In this plot, you can see the interpretation of the principal components. The first principal component seems to rotate the three about an axis coming out of the screen. The second principal component changes the thickness of the bottom of the three.

Questions#

  • Keeping the index \(i=0\) fixed, play with the corresponding \(z\) and observe that it rotates the three.

  • Change \(i\) to \(1,2\) and \(3\) and study the effect of the corresponding principal component.

Now, we will study the reconstruction error for the validation dataset. First, throw everything that is not a three:

valid_threes = x_test[y_test == '3']
valid_threes.shape
(2117, 784)

We have about two thousand images for validation. Project all the validation points:

Z_valid = pca.transform(valid_threes)

And then reconstruct them and compare them.

# Reconstruct image
idx = 1
n_components = 1
x = pca.inverse_transform(
    np.hstack(
        [
            Z_valid[idx][:n_components],
            np.zeros((Z_valid.shape[1] - n_components,))
        ]
    )
)

# The original image
show_digit_image(valid_threes[idx])

# The reconstructed image
show_digit_image(x)
../_images/46ca89bcf354c92c510e7dcf80de8dfbb6e0f3fa46c18ea77c77723198a82006.svg../_images/4644e4bfd54853e270f374bbd39de4e58e1bc92959f8825702e714174752800a.svg

Questions#

  • Play with the code block above, increasing n_components to 2, 4, 8, and so on up to 227. Observe how the reconstruction becomes better (but not perfect).
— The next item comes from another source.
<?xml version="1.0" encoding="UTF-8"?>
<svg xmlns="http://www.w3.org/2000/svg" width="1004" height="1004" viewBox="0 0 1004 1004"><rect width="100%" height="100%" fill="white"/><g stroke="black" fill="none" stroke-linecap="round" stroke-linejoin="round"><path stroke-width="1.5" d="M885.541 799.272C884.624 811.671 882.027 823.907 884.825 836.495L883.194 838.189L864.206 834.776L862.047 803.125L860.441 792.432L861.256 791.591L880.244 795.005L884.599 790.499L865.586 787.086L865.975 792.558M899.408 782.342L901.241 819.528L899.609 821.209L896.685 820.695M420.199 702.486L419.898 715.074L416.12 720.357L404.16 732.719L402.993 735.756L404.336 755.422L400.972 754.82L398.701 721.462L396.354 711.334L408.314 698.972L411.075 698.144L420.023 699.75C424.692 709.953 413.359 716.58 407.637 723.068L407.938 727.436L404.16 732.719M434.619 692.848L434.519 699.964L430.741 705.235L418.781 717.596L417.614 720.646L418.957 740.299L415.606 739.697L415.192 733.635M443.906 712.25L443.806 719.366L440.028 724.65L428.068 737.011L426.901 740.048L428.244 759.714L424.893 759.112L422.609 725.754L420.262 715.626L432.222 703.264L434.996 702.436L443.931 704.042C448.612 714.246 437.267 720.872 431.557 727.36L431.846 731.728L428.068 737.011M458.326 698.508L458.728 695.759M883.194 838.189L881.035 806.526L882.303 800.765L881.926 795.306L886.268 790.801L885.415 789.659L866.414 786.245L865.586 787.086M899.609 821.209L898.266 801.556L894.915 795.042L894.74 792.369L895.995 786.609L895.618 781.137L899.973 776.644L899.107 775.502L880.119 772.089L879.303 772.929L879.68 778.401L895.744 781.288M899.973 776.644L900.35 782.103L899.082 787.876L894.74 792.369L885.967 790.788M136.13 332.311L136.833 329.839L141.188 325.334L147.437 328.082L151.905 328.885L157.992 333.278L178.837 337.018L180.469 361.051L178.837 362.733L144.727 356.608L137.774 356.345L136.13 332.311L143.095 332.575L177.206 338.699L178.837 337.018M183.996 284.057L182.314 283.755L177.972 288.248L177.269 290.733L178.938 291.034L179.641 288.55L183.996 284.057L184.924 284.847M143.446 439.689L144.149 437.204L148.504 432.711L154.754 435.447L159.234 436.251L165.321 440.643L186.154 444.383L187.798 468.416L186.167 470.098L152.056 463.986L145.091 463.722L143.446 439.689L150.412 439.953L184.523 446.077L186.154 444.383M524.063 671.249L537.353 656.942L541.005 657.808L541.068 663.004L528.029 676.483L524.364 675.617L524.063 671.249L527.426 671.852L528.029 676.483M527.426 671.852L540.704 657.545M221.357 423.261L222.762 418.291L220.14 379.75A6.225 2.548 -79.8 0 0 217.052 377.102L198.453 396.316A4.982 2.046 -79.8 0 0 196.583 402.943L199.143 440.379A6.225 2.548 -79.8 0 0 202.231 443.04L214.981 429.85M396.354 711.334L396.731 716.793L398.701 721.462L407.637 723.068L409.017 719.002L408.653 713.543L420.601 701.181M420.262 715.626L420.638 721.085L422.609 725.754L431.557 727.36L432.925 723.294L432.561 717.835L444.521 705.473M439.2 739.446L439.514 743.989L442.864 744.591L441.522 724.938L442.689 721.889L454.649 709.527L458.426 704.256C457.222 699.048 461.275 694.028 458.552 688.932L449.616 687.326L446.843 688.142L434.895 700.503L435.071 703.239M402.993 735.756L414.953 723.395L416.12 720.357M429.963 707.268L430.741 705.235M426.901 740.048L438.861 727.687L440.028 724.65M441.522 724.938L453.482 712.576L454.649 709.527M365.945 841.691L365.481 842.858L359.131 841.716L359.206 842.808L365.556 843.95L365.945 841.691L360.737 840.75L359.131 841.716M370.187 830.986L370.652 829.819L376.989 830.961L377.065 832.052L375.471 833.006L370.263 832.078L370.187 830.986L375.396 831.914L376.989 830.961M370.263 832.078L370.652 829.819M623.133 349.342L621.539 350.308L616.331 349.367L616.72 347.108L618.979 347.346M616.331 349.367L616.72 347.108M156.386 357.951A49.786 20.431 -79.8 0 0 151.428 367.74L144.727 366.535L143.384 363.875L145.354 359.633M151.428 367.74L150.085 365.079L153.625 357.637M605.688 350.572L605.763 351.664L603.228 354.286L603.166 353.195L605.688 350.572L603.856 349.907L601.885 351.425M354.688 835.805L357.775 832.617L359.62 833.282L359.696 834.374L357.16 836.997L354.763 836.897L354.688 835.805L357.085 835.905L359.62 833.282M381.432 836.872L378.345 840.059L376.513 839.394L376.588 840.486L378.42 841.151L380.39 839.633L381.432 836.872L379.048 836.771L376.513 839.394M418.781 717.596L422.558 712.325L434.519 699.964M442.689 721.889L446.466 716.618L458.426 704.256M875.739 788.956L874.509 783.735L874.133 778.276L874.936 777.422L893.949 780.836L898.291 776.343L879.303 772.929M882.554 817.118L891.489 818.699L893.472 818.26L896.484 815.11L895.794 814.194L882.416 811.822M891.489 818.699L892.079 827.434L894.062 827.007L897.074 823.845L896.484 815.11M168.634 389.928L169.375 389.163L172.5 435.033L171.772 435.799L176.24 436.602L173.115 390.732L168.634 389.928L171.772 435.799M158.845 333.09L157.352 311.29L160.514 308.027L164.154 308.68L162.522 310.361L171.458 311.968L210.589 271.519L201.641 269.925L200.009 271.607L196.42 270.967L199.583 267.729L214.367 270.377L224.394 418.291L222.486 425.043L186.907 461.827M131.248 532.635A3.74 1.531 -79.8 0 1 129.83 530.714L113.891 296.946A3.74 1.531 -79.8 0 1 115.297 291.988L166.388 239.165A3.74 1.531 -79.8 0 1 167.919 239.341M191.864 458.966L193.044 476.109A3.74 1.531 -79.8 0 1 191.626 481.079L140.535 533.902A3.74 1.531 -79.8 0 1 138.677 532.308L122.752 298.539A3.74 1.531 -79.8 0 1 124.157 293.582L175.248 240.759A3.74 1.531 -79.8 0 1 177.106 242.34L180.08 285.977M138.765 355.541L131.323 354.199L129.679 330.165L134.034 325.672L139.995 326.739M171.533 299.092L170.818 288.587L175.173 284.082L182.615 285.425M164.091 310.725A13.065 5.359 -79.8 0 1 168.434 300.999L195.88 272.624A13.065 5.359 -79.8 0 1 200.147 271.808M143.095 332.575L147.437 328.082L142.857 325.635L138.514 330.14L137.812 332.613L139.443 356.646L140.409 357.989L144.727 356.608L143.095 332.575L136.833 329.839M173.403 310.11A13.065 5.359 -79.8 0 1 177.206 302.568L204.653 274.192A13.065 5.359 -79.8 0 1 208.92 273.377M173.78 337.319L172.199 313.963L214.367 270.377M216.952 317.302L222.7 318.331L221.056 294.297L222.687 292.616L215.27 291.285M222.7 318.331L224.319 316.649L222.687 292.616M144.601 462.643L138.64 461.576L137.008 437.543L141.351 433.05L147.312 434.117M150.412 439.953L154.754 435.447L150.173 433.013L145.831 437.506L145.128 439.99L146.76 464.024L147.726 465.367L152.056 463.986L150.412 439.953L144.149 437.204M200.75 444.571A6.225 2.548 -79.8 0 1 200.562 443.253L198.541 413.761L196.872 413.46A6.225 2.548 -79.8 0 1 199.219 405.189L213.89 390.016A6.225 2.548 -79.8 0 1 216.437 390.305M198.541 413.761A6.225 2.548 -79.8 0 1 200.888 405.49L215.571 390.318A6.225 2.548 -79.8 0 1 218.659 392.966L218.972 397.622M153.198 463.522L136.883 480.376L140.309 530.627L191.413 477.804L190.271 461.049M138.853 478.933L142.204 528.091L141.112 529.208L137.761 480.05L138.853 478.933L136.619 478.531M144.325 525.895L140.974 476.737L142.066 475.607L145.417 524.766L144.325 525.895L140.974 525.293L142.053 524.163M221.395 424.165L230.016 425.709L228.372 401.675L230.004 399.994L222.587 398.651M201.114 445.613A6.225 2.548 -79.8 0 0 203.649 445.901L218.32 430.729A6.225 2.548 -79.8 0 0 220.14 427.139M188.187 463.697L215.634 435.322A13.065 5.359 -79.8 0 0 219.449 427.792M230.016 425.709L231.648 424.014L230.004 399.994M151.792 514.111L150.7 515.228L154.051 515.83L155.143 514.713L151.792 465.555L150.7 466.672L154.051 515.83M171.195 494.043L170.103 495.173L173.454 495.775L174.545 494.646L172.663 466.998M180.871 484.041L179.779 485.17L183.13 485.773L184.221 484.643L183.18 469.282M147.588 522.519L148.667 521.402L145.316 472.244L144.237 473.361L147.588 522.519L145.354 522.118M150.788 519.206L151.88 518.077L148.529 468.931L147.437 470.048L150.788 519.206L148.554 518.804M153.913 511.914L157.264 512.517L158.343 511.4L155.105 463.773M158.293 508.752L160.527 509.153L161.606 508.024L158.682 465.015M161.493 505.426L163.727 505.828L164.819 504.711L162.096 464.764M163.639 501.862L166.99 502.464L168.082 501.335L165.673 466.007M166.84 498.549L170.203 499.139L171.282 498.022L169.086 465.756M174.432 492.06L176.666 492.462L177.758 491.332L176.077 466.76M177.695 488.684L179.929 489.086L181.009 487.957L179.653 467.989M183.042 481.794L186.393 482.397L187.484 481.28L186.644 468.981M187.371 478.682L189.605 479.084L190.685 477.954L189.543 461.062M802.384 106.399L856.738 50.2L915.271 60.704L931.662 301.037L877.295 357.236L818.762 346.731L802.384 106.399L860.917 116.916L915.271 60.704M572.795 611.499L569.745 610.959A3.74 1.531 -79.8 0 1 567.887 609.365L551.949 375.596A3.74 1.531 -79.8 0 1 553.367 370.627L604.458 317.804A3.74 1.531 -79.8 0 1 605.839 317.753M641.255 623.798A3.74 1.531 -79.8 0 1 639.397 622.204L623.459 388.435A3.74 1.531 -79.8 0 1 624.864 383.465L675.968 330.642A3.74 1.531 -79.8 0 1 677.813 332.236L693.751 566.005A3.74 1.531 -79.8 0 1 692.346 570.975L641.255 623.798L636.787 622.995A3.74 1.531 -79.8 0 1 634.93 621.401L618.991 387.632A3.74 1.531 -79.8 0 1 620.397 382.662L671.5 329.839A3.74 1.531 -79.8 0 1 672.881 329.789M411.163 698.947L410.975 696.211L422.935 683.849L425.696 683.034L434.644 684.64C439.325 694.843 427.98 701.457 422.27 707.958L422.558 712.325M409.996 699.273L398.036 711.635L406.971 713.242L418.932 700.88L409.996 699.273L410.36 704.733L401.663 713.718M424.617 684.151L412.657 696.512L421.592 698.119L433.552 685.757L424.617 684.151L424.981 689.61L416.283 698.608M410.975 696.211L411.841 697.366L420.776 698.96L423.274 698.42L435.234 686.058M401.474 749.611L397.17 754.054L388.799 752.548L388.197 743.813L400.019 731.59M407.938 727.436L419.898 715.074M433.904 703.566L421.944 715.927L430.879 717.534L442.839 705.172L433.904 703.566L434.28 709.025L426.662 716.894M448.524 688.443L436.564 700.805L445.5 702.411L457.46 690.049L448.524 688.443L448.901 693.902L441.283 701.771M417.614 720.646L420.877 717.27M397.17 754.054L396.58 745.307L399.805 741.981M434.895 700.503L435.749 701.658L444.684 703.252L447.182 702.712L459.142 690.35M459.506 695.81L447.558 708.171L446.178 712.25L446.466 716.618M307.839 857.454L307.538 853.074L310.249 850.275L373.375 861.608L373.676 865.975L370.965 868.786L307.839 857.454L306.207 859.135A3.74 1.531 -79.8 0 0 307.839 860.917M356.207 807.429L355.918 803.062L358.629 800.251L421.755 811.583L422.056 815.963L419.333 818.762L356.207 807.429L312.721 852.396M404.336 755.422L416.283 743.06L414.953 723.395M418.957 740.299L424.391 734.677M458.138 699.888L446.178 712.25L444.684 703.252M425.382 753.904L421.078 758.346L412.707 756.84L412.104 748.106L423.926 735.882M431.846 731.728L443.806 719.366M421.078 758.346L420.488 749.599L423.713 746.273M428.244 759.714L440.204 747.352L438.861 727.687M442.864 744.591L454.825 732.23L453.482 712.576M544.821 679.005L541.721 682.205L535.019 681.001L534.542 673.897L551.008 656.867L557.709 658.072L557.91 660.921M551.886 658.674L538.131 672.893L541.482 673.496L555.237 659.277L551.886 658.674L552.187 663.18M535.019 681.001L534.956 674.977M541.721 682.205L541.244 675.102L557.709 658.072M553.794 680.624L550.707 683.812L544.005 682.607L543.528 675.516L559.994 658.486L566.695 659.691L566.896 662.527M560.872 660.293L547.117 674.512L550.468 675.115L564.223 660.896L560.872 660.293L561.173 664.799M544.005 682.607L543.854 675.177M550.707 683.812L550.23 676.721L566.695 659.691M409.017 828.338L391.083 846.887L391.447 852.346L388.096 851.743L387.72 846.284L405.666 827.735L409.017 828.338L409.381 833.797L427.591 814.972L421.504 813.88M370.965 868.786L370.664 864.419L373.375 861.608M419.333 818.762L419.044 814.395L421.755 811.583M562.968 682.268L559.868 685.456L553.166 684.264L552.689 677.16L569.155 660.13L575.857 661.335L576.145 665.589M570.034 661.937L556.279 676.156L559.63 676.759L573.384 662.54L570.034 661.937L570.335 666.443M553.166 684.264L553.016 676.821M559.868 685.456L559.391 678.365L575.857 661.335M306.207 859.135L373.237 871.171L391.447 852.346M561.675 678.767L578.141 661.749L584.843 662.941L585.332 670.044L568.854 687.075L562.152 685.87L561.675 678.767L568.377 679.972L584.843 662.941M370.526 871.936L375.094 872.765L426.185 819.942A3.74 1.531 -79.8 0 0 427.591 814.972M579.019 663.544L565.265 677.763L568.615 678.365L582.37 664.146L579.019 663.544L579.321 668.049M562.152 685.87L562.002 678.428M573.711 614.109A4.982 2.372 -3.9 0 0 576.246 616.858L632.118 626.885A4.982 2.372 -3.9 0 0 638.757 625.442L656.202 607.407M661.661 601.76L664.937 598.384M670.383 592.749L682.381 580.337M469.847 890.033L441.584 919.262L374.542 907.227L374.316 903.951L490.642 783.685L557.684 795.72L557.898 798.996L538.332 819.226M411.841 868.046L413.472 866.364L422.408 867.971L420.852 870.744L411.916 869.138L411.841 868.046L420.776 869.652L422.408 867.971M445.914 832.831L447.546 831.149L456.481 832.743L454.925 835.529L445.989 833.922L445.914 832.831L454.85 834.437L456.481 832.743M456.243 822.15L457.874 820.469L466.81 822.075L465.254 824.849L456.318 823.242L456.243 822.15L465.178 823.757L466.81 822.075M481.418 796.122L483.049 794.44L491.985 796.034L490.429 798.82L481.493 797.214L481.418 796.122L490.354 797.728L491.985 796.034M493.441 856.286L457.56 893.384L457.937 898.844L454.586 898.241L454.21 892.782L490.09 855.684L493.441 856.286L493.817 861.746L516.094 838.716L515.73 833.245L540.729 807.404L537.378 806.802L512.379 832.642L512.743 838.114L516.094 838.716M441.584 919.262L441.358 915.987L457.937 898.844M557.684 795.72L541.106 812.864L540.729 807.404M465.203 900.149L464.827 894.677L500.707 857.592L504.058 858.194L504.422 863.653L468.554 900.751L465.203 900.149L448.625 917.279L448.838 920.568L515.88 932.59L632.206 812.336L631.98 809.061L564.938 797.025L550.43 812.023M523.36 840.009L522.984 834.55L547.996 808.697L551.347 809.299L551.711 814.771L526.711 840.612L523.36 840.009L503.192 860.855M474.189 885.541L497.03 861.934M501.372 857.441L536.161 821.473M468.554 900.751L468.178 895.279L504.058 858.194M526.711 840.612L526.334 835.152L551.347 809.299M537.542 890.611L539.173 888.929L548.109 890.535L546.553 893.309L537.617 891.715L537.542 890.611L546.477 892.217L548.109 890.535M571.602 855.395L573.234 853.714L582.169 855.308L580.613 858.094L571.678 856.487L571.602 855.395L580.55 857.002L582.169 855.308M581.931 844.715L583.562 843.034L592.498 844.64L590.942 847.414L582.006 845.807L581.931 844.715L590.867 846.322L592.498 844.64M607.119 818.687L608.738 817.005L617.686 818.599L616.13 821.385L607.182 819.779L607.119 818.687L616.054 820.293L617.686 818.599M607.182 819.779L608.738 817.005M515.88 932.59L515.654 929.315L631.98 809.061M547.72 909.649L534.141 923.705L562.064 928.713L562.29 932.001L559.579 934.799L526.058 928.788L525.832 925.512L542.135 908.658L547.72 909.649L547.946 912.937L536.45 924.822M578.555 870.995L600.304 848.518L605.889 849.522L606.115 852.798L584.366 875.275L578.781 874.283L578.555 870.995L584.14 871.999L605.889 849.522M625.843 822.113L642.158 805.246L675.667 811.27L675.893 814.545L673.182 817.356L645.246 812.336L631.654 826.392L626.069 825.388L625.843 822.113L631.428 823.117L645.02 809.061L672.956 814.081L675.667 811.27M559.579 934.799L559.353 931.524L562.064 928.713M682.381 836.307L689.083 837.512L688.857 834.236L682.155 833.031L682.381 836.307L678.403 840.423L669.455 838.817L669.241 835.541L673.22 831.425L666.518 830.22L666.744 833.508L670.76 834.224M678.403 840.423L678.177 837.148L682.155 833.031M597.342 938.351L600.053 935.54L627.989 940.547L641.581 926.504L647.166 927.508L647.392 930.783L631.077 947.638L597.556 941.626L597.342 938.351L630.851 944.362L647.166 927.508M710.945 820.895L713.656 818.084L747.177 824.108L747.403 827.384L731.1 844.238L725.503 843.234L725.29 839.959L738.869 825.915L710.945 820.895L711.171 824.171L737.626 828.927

  • Repeat the above question, but change also the idx variable so that you see some more examples of three.

  • Go back a few code blocks, and change your validation set to include only fives. It would help if you changed this:

valid_threes = x_test[y_test == '3']
valid_threes.shape

to this:

valid_threes = x_test[y_test == '5']
valid_threes.shape

Don’t bother renaming valid_threes. Can the PCA model constructed with threes describe 5s? Why yes or why not?

  • Repeat the previous question with a couple of other digits.